*Data records*.
* * * *
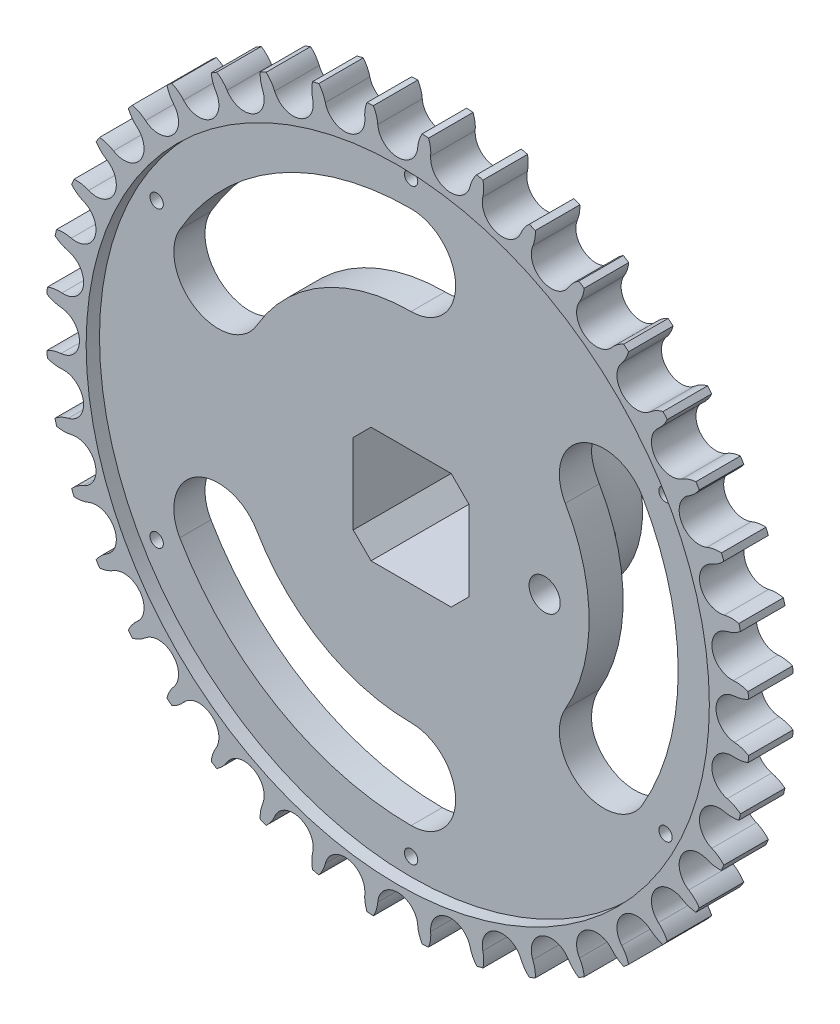
from build123d import *

# Parameters (mm, degrees)
SKETCH1_R               = 39.5
BOSS_EXTRUDE1_DEPTH     = 5
CUT_EXTRUDE1_DEPTH      = 5
SKETCH3_R               = 12.5
BOSS_EXTRUDE2_DEPTH     = 10
FILLET1_R               = 10
CUT_EXTRUDE2_DEPTH      = 10
SKETCH5_R               = 35
CUT_EXTRUDE3_DEPTH      = 1.5
CUT_EXTRUDE4_START      = -5
SKETCH7_R               = 2.25
CUT_EXTRUDE4_DEPTH      = 5
CIRPATTERN1_COUNT       = 40
CUT_EXTRUDE5_DEPTH      = 57.617141551
CUT_EXTRUDE5_DEPTH_BACK = 57.617141551
SKETCH8_R               = 0.75
SKETCH8_R_2             = 1.75


with BuildPart() as part:
    # Sketch1 → Boss-Extrude1 (new body)
    with BuildSketch(Plane.XY):
        Circle(SKETCH1_R)
    extrude(amount=BOSS_EXTRUDE1_DEPTH)

    # Sketch2 → Cut-Extrude1 (cut)
    with BuildSketch(Plane.XY.offset(5)):
        Polygon((4.5, 6.5), (6.5, 4.5), (6.5, -4.5), (4.5, -6.5), (-4.5, -6.5), (-6.5, -4.5), (-6.5, 4.5), (-4.5, 6.5), align=None)
    extrude(amount=-CUT_EXTRUDE1_DEPTH, mode=Mode.SUBTRACT)

    # Sketch3 → Boss-Extrude2 (add)
    with BuildSketch(Plane(origin=(0, 0, 0), x_dir=(-1, 0, 0), z_dir=(0, 0, -1))):
        with Locations(Location((0, 0, 0), (0, 0, 180))):
            Circle(SKETCH3_R)
        Polygon((6.5, -4.5), (4.5, -6.5), (-4.5, -6.5), (-6.5, -4.5), (-6.5, 4.5), (-4.5, 6.5), (4.5, 6.5), (6.5, 4.5), align=None, mode=Mode.SUBTRACT)
    extrude(amount=BOSS_EXTRUDE2_DEPTH)

    # Fillet1
    fillet1_edges = [part.edges().sort_by_distance(p)[0] for p in [
        (-12.5, 0, 0),
    ]]
    fillet(fillet1_edges, radius=FILLET1_R - 0.0001)  # a hair under: the kernel refuses the full size

    # Sketch4 → Cut-Extrude2 (cut)
    with BuildSketch(Plane.XY.offset(5)):
        with BuildLine():
            ThreePointArc((0, 30), (-15, 25.980762114), (-25.980762114, 15))
            ThreePointArc((-25.980762114, 15), (-24.150635095, 8.169872981), (-17.320508076, 10))
            ThreePointArc((-17.320508076, 10), (-10, 17.320508076), (0, 20))
            ThreePointArc((0, 20), (5, 25), (0, 30))
        make_face()
        with BuildLine():
            ThreePointArc((17.320508076, -10), (20, 0), (17.320508076, 10))
            ThreePointArc((17.320508076, 10), (19.150635095, 16.830127019), (25.980762114, 15))
            ThreePointArc((25.980762114, 15), (30, 0), (25.980762114, -15))
            ThreePointArc((25.980762114, -15), (19.150635095, -16.830127019), (17.320508076, -10))
        make_face()
        with BuildLine():
            ThreePointArc((-17.320508076, -10), (-10, -17.320508076), (0, -20))
            ThreePointArc((0, -20), (5, -25), (0, -30))
            ThreePointArc((0, -30), (-15, -25.980762114), (-25.980762114, -15))
            ThreePointArc((-25.980762114, -15), (-24.150635095, -8.169872981), (-17.320508076, -10))
        make_face()
    extrude(amount=-CUT_EXTRUDE2_DEPTH, mode=Mode.SUBTRACT)

    # Sketch5 → Cut-Extrude3 (cut)
    with BuildSketch(Plane.XY.offset(5)):
        Circle(SKETCH5_R)
    extrude(amount=-CUT_EXTRUDE3_DEPTH, mode=Mode.SUBTRACT)

    # Sketch7 → Cut-Extrude4 (cut)
    with BuildSketch(Plane.XY.offset(5).offset(CUT_EXTRUDE4_START)):
        with Locations((0, 38)):
            Circle(SKETCH7_R)
        with BuildLine():
            ThreePointArc((2.25, 38), (2.248265332, 37.911665415), (2.243064001, 37.823467035))
            ThreePointArc((2.243064001, 37.823467035), (2.401439488, 38.642208878), (2.738547296, 39.404953479))
            ThreePointArc((2.738547296, 39.404953479), (2.224177876, 39.437330447), (1.709429803, 39.462993421))
            ThreePointArc((1.709429803, 39.462993421), (2.110535128, 38.779834259), (2.25, 38))
        make_face()
        with BuildLine():
            ThreePointArc((-2.738547296, 39.404953479), (-2.401439488, 38.642208878), (-2.243064001, 37.823467035))
            ThreePointArc((-2.243064001, 37.823467035), (-2.139524132, 38.696373815), (-1.709429803, 39.462993421))
            ThreePointArc((-1.709429803, 39.462993421), (-2.224177876, 39.437330447), (-2.738547296, 39.404953479))
        make_face()
    cut_extrude4 = extrude(amount=CUT_EXTRUDE4_DEPTH, mode=Mode.SUBTRACT)

    # CirPattern1: Cut-Extrude4 ×40 about axis
    cirpattern1_axis = Axis((0, 0, 0), (0, 0, 1))
    for i in range(1, CIRPATTERN1_COUNT):
        add(cut_extrude4.rotate(cirpattern1_axis, i * 360 / CIRPATTERN1_COUNT), mode=Mode.SUBTRACT)

    # Sketch8 → Cut-Extrude5 (cut, two sides: drawn at the far end of the back side and taken through both)
    with BuildSketch(Plane.XY.offset(-CUT_EXTRUDE5_DEPTH_BACK)):
        with Locations((0, 33)):
            Circle(SKETCH8_R)
        with Locations(Location((15, 0, 0), (0, 0, 185.370049123))):
            Circle(SKETCH8_R_2)
        with Locations((28.578838325, 16.5)):
            Circle(SKETCH8_R)
        with Locations((28.578838325, -16.5)):
            Circle(SKETCH8_R)
        with Locations((0, -33)):
            Circle(SKETCH8_R)
        with Locations((-28.578838325, -16.5)):
            Circle(SKETCH8_R)
        with Locations((-28.578838325, 16.5)):
            Circle(SKETCH8_R)
    extrude(amount=CUT_EXTRUDE5_DEPTH + CUT_EXTRUDE5_DEPTH_BACK, mode=Mode.SUBTRACT)


solid = part.part
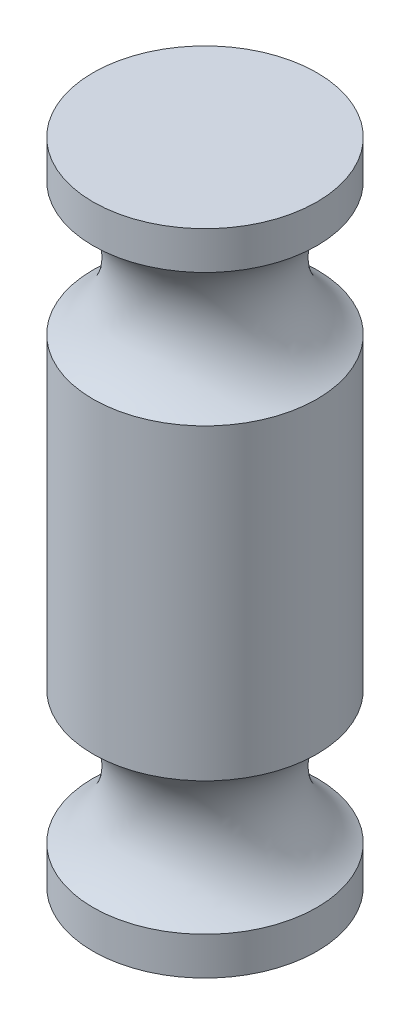
from build123d import *


with BuildPart() as part:
    # 草图1 → 旋转1 (revolve)
    with BuildSketch(Plane.XY):
        with BuildLine():
            Line((0, 0), (0, 8.56))
            Line((0, 8.56), (2.95, 8.56))
            Line((2.95, 8.56), (2.95, 7.56))
            ThreePointArc((2.95, 7.56), (1.918245837, 5.81), (2.95, 4.06))
            Line((2.95, 4.06), (2.95, -4.04))
            ThreePointArc((2.95, -4.04), (1.918245837, -5.79), (2.95, -7.54))
            Line((2.95, -7.54), (2.95, -8.54))
            Line((2.95, -8.54), (0, -8.54))
            Line((0, -8.54), (0, 0))
        make_face()
    revolve(axis=Axis((0, -8.54, 0), (0, 1, 0)))


solid = part.part
* * * *
*WORK ITEM*. Leave out the pictures, then return every line of the data exactly.

*YOUR SOLUTION*.
from build123d import *

# Parameters (mm, degrees)
SKETCH1_R               = 39.5
BOSS_EXTRUDE1_DEPTH     = 5
CUT_EXTRUDE1_DEPTH      = 5
SKETCH3_R               = 12.5
BOSS_EXTRUDE2_DEPTH     = 10
FILLET1_R               = 10
CUT_EXTRUDE2_DEPTH      = 10
SKETCH5_R               = 35
CUT_EXTRUDE3_DEPTH      = 1.5
CUT_EXTRUDE4_START      = -5
SKETCH7_R               = 2.25
CUT_EXTRUDE4_DEPTH      = 5
CIRPATTERN1_COUNT       = 40
CUT_EXTRUDE5_DEPTH      = 57.617141551
CUT_EXTRUDE5_DEPTH_BACK = 57.617141551
SKETCH8_R               = 0.75
SKETCH8_R_2             = 1.75


with BuildPart() as part:
    # Sketch1 → Boss-Extrude1 (new body)
    with BuildSketch(Plane.XY):
        Circle(SKETCH1_R)
    extrude(amount=BOSS_EXTRUDE1_DEPTH)

    # Sketch2 → Cut-Extrude1 (cut)
    with BuildSketch(Plane.XY.offset(5)):
        Polygon((4.5, 6.5), (6.5, 4.5), (6.5, -4.5), (4.5, -6.5), (-4.5, -6.5), (-6.5, -4.5), (-6.5, 4.5), (-4.5, 6.5), align=None)
    extrude(amount=-CUT_EXTRUDE1_DEPTH, mode=Mode.SUBTRACT)

    # Sketch3 → Boss-Extrude2 (add)
    with BuildSketch(Plane(origin=(0, 0, 0), x_dir=(-1, 0, 0), z_dir=(0, 0, -1))):
        with Locations(Location((0, 0, 0), (0, 0, 180))):
            Circle(SKETCH3_R)
        Polygon((6.5, -4.5), (4.5, -6.5), (-4.5, -6.5), (-6.5, -4.5), (-6.5, 4.5), (-4.5, 6.5), (4.5, 6.5), (6.5, 4.5), align=None, mode=Mode.SUBTRACT)
    extrude(amount=BOSS_EXTRUDE2_DEPTH)

    # Fillet1
    fillet1_edges = [part.edges().sort_by_distance(p)[0] for p in [
        (-12.5, 0, 0),
    ]]
    fillet(fillet1_edges, radius=FILLET1_R - 0.0001)  # a hair under: the kernel refuses the full size

    # Sketch4 → Cut-Extrude2 (cut)
    with BuildSketch(Plane.XY.offset(5)):
        with BuildLine():
            ThreePointArc((0, 30), (-15, 25.980762114), (-25.980762114, 15))
            ThreePointArc((-25.980762114, 15), (-24.150635095, 8.169872981), (-17.320508076, 10))
            ThreePointArc((-17.320508076, 10), (-10, 17.320508076), (0, 20))
            ThreePointArc((0, 20), (5, 25), (0, 30))
        make_face()
        with BuildLine():
            ThreePointArc((17.320508076, -10), (20, 0), (17.320508076, 10))
            ThreePointArc((17.320508076, 10), (19.150635095, 16.830127019), (25.980762114, 15))
            ThreePointArc((25.980762114, 15), (30, 0), (25.980762114, -15))
            ThreePointArc((25.980762114, -15), (19.150635095, -16.830127019), (17.320508076, -10))
        make_face()
        with BuildLine():
            ThreePointArc((-17.320508076, -10), (-10, -17.320508076), (0, -20))
            ThreePointArc((0, -20), (5, -25), (0, -30))
            ThreePointArc((0, -30), (-15, -25.980762114), (-25.980762114, -15))
            ThreePointArc((-25.980762114, -15), (-24.150635095, -8.169872981), (-17.320508076, -10))
        make_face()
    extrude(amount=-CUT_EXTRUDE2_DEPTH, mode=Mode.SUBTRACT)

    # Sketch5 → Cut-Extrude3 (cut)
    with BuildSketch(Plane.XY.offset(5)):
        Circle(SKETCH5_R)
    extrude(amount=-CUT_EXTRUDE3_DEPTH, mode=Mode.SUBTRACT)

    # Sketch7 → Cut-Extrude4 (cut)
    with BuildSketch(Plane.XY.offset(5).offset(CUT_EXTRUDE4_START)):
        with Locations((0, 38)):
            Circle(SKETCH7_R)
        with BuildLine():
            ThreePointArc((2.25, 38), (2.248265332, 37.911665415), (2.243064001, 37.823467035))
            ThreePointArc((2.243064001, 37.823467035), (2.401439488, 38.642208878), (2.738547296, 39.404953479))
            ThreePointArc((2.738547296, 39.404953479), (2.224177876, 39.437330447), (1.709429803, 39.462993421))
            ThreePointArc((1.709429803, 39.462993421), (2.110535128, 38.779834259), (2.25, 38))
        make_face()
        with BuildLine():
            ThreePointArc((-2.738547296, 39.404953479), (-2.401439488, 38.642208878), (-2.243064001, 37.823467035))
            ThreePointArc((-2.243064001, 37.823467035), (-2.139524132, 38.696373815), (-1.709429803, 39.462993421))
            ThreePointArc((-1.709429803, 39.462993421), (-2.224177876, 39.437330447), (-2.738547296, 39.404953479))
        make_face()
    cut_extrude4 = extrude(amount=CUT_EXTRUDE4_DEPTH, mode=Mode.SUBTRACT)

    # CirPattern1: Cut-Extrude4 ×40 about axis
    cirpattern1_axis = Axis((0, 0, 0), (0, 0, 1))
    for i in range(1, CIRPATTERN1_COUNT):
        add(cut_extrude4.rotate(cirpattern1_axis, i * 360 / CIRPATTERN1_COUNT), mode=Mode.SUBTRACT)

    # Sketch8 → Cut-Extrude5 (cut, two sides: drawn at the far end of the back side and taken through both)
    with BuildSketch(Plane.XY.offset(-CUT_EXTRUDE5_DEPTH_BACK)):
        with Locations((0, 33)):
            Circle(SKETCH8_R)
        with Locations(Location((15, 0, 0), (0, 0, 185.370049123))):
            Circle(SKETCH8_R_2)
        with Locations((28.578838325, 16.5)):
            Circle(SKETCH8_R)
        with Locations((28.578838325, -16.5)):
            Circle(SKETCH8_R)
        with Locations((0, -33)):
            Circle(SKETCH8_R)
        with Locations((-28.578838325, -16.5)):
            Circle(SKETCH8_R)
        with Locations((-28.578838325, 16.5)):
            Circle(SKETCH8_R)
    extrude(amount=CUT_EXTRUDE5_DEPTH + CUT_EXTRUDE5_DEPTH_BACK, mode=Mode.SUBTRACT)


solid = part.part
from build123d import *


with BuildPart() as part:
    # 草图1 → 旋转1 (revolve)
    with BuildSketch(Plane.XY):
        with BuildLine():
            Line((0, 0), (0, 8.56))
            Line((0, 8.56), (2.95, 8.56))
            Line((2.95, 8.56), (2.95, 7.56))
            ThreePointArc((2.95, 7.56), (1.918245837, 5.81), (2.95, 4.06))
            Line((2.95, 4.06), (2.95, -4.04))
            ThreePointArc((2.95, -4.04), (1.918245837, -5.79), (2.95, -7.54))
            Line((2.95, -7.54), (2.95, -8.54))
            Line((2.95, -8.54), (0, -8.54))
            Line((0, -8.54), (0, 0))
        make_face()
    revolve(axis=Axis((0, -8.54, 0), (0, 1, 0)))


solid = part.part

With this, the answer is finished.